Sunday, March 27, 2011

Gay fathers face problems gaining acceptance

I love articles like the following published today by South Coast Today which talk about gay father. The more we talk about lgbt families, the more visibility we have. And THAT is a type of visibility that we need:

When Scott Wagenhoffer-Zahn was 4 years old, and his parents got married in Oregon, a minister grabbed his arms, looked him right in the eyes, and said, "You will burn in hell."

Scott started to cry. That may have been one of the first times he experienced prejudice, but it was hardly the last. That minister, some bullies at Cape Cod Regional Technical High School in Harwich and others have objected to both his parents being men.

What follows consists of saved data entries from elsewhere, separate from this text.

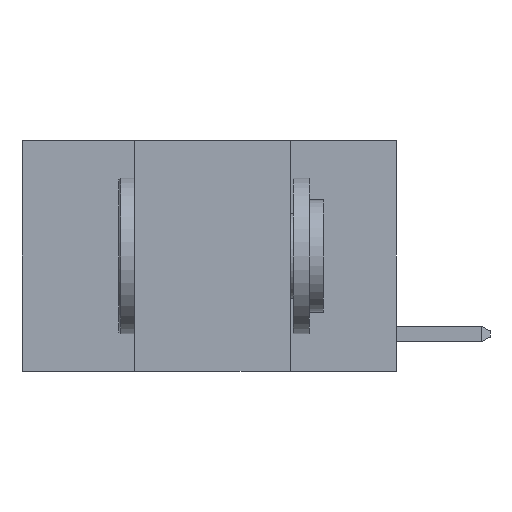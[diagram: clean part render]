
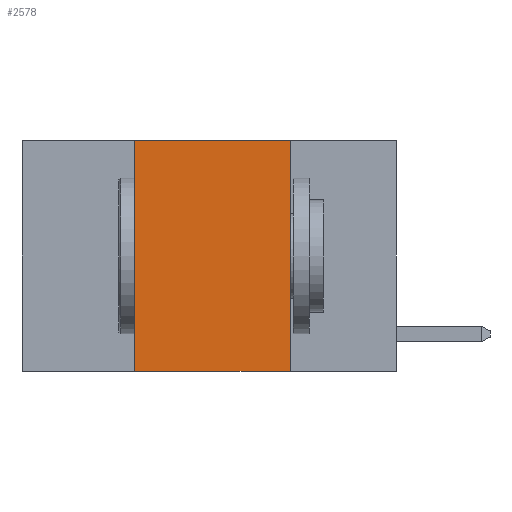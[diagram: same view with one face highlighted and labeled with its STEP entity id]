
A CAD part, left-side view. The second image highlights one B-rep face of the part: STEP entity #2578.
In plain terms, the highlighted planar face has unit normal (-1, 0, 0).
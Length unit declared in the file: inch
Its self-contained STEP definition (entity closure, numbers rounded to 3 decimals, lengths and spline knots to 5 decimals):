
#72 = CARTESIAN_POINT ( 'NONE',  ( 0., 0.6, -0.37 ) ) ;
#453 = LINE ( 'NONE', #72, #5190 ) ;
#861 = CARTESIAN_POINT ( 'NONE',  ( 0., 0.6, 0. ) ) ;
#912 = EDGE_CURVE ( 'NONE', #9387, #8268, #11604, .T. ) ;
#950 = EDGE_CURVE ( 'NONE', #1776, #6573, #6094, .T. ) ;
#987 = CARTESIAN_POINT ( 'NONE',  ( 0., 0.17, -0.37 ) ) ;
#1101 = DIRECTION ( 'NONE',  ( 0., -1., 0. ) ) ;
#1151 = EDGE_CURVE ( 'NONE', #8268, #1776, #8618, .T. ) ;
#1776 = VERTEX_POINT ( 'NONE', #11359 ) ;
#1911 = AXIS2_PLACEMENT_3D ( 'NONE', #3606, #9940, #4561 ) ;
#2030 = VECTOR ( 'NONE', #2602, 39.37008 ) ;
#2245 = ORIENTED_EDGE ( 'NONE', *, *, #950, .F. ) ;
#2526 = CARTESIAN_POINT ( 'NONE',  ( 0., 0.42, 0. ) ) ;
#2578 = ADVANCED_FACE ( 'NONE', ( #10853 ), #9073, .F. ) ;
#2602 = DIRECTION ( 'NONE',  ( 0., 0., 1. ) ) ;
#3599 = VECTOR ( 'NONE', #9712, 39.37008 ) ;
#3606 = CARTESIAN_POINT ( 'NONE',  ( 0., 0.6, 0. ) ) ;
#3831 = EDGE_LOOP ( 'NONE', ( #2245, #4705, #7107, #5023 ) ) ;
#4561 = DIRECTION ( 'NONE',  ( 0., 0., -1. ) ) ;
#4705 = ORIENTED_EDGE ( 'NONE', *, *, #1151, .F. ) ;
#5023 = ORIENTED_EDGE ( 'NONE', *, *, #7435, .T. ) ;
#5190 = VECTOR ( 'NONE', #1101, 39.37008 ) ;
#6094 = LINE ( 'NONE', #9238, #3599 ) ;
#6573 = VERTEX_POINT ( 'NONE', #987 ) ;
#7107 = ORIENTED_EDGE ( 'NONE', *, *, #912, .F. ) ;
#7353 = DIRECTION ( 'NONE',  ( 0., -1., 0. ) ) ;
#7435 = EDGE_CURVE ( 'NONE', #9387, #6573, #453, .T. ) ;
#7490 = CARTESIAN_POINT ( 'NONE',  ( 0., 0.42, 0. ) ) ;
#8028 = VECTOR ( 'NONE', #7353, 39.37008 ) ;
#8268 = VERTEX_POINT ( 'NONE', #7490 ) ;
#8618 = LINE ( 'NONE', #861, #8028 ) ;
#9073 = PLANE ( 'NONE',  #1911 ) ;
#9238 = CARTESIAN_POINT ( 'NONE',  ( 0., 0.17, 0. ) ) ;
#9387 = VERTEX_POINT ( 'NONE', #10775 ) ;
#9712 = DIRECTION ( 'NONE',  ( 0., 0., -1. ) ) ;
#9940 = DIRECTION ( 'NONE',  ( 1., 0., 0. ) ) ;
#10775 = CARTESIAN_POINT ( 'NONE',  ( 0., 0.42, -0.37 ) ) ;
#10853 = FACE_OUTER_BOUND ( 'NONE', #3831, .T. ) ;
#11359 = CARTESIAN_POINT ( 'NONE',  ( 0., 0.17, 0. ) ) ;
#11604 = LINE ( 'NONE', #2526, #2030 ) ;

Even his uncles. One, Jimmy, said "that's just wrong" when Scott's father Steve Wagenhoffer of Orleans announced at one Thanksgiving dinner that he and his male partner were adopting two babies. "My younger sister wanted nothing to do with me," Steve Wagonhoffer says. "Her husband (Jimmy) believes you can 'catch gay,' so he keeps his kids away from me."

"When our other father and Steve got divorced," remembers Scott, now 16, "our father's brother, Uncle Bob, said, 'I'm sorry, but that's how those relationships end up. I'm sorry because I won't be seeing you in heaven.'"

Scott and brother Alex, also 16, have never even met their uncle Jimmy and tell the story of the estrangements with a sense of amazement.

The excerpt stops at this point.